[Start of Attachment]
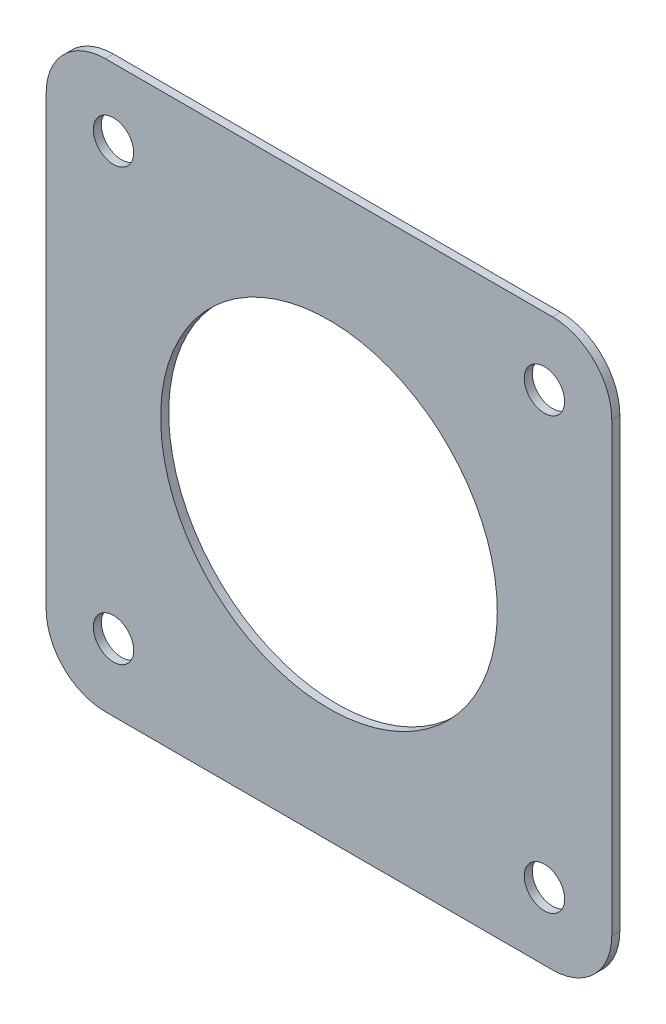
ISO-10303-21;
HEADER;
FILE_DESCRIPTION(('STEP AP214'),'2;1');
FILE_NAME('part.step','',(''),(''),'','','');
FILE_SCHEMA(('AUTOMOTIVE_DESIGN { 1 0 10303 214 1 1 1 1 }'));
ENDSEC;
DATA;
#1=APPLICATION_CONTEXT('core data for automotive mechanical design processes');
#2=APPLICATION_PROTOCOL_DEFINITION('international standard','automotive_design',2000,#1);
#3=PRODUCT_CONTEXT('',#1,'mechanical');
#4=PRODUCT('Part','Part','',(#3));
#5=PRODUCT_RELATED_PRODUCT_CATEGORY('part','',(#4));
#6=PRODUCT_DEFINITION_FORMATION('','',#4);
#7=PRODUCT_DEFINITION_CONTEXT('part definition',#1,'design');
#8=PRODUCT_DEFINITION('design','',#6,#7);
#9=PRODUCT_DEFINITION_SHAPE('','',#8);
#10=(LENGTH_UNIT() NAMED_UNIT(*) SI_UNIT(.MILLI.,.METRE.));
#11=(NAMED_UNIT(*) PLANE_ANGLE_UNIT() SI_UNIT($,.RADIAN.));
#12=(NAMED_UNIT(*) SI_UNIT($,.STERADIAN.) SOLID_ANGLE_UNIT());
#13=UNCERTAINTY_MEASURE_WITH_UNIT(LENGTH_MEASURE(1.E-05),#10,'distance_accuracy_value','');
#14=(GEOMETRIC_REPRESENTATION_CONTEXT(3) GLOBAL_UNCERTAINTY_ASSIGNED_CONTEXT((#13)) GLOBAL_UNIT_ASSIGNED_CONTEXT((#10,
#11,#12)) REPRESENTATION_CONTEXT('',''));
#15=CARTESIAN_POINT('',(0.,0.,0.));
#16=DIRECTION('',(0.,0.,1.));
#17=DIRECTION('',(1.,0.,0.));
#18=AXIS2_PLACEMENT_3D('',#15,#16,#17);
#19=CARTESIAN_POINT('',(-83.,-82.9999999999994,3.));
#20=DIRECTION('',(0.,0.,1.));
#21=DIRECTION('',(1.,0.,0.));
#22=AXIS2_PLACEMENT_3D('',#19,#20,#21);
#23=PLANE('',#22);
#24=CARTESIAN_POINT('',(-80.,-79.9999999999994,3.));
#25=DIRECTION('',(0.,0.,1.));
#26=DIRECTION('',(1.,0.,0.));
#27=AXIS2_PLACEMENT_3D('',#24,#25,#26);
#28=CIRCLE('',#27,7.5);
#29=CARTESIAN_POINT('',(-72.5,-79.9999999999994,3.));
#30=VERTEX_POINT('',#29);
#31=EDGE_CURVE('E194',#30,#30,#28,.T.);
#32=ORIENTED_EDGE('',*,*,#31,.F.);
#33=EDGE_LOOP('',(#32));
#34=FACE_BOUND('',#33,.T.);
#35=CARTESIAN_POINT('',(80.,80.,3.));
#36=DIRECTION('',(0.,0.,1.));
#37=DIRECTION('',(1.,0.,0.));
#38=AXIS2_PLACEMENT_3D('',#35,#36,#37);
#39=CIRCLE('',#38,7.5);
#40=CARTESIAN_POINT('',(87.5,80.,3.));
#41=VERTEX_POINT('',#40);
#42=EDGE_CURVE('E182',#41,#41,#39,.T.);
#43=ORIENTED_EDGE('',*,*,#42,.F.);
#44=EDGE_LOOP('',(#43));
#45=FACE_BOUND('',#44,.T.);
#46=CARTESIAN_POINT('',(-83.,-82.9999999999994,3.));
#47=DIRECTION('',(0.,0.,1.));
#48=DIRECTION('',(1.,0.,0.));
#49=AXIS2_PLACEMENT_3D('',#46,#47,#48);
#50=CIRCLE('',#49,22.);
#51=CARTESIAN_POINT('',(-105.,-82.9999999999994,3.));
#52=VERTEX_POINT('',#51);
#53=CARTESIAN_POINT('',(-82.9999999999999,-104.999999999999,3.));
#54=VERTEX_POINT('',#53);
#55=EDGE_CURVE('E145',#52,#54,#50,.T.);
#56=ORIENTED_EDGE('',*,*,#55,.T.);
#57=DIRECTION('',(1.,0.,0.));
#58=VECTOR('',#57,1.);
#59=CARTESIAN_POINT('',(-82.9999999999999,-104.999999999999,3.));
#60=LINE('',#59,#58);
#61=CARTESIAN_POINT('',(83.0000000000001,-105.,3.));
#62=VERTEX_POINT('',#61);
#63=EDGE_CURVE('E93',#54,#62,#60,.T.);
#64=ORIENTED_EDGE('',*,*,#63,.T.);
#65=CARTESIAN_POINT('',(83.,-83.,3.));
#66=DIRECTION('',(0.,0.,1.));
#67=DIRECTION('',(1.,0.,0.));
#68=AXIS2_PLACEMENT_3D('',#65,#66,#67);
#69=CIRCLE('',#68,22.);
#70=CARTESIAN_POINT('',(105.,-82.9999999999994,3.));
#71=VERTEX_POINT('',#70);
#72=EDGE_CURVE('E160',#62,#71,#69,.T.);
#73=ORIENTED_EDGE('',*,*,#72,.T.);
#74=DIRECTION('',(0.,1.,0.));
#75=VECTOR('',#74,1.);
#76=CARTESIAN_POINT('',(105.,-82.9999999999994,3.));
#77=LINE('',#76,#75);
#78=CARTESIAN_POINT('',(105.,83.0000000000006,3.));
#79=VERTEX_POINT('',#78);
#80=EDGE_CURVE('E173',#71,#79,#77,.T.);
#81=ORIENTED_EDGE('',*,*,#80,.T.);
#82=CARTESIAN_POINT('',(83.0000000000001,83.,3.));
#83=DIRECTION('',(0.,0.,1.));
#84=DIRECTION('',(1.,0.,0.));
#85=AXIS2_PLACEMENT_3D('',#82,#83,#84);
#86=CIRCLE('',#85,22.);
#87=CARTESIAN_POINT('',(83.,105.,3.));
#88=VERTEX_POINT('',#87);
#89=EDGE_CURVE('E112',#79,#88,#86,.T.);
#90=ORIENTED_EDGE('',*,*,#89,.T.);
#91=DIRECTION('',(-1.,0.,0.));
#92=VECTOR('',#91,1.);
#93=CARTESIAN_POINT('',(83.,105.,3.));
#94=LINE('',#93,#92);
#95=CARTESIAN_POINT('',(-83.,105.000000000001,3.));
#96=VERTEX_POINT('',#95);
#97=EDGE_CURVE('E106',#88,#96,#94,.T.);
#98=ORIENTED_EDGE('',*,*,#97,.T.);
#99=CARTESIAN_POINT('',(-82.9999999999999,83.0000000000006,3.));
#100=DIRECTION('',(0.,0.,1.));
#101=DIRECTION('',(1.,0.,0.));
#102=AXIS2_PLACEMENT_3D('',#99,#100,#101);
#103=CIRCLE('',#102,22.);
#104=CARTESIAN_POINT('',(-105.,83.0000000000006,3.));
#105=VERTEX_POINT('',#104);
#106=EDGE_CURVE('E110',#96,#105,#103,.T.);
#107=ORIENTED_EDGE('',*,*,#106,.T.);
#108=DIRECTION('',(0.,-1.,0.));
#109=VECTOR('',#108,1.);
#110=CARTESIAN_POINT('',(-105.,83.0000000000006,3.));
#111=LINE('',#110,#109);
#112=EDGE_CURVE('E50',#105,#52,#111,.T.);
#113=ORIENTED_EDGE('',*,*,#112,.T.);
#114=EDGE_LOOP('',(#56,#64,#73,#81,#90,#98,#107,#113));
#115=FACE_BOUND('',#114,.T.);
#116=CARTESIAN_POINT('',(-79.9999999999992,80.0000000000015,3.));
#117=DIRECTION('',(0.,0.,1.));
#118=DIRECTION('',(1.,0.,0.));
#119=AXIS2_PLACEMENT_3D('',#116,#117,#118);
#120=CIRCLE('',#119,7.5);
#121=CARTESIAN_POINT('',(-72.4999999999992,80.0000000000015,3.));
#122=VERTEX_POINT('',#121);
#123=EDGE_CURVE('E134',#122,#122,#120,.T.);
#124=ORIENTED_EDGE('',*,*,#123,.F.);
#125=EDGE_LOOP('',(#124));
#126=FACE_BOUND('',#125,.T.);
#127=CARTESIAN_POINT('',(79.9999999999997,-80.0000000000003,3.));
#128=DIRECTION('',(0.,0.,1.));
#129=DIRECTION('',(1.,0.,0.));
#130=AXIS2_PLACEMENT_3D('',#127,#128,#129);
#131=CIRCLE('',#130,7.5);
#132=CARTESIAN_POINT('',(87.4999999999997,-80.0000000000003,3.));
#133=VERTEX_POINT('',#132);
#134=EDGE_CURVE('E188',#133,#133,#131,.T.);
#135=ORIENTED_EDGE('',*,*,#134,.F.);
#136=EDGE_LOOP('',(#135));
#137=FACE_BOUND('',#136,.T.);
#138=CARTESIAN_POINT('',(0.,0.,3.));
[End of Attachment]
- [WHAT TO DO]
Within the material above, the line with "#110=CARTESIAN_POINT('',(-105.,83.0000000000006,3.));" opens the range and the line with "#115=FACE_BOUND('',#114,.T.);" closes it; reproduce that range word for word.

- [WRITTEN RESPONSE]
#110=CARTESIAN_POINT('',(-105.,83.0000000000006,3.));
#111=LINE('',#110,#109);
#112=EDGE_CURVE('E50',#105,#52,#111,.T.);
#113=ORIENTED_EDGE('',*,*,#112,.T.);
#114=EDGE_LOOP('',(#56,#64,#73,#81,#90,#98,#107,#113));
#115=FACE_BOUND('',#114,.T.);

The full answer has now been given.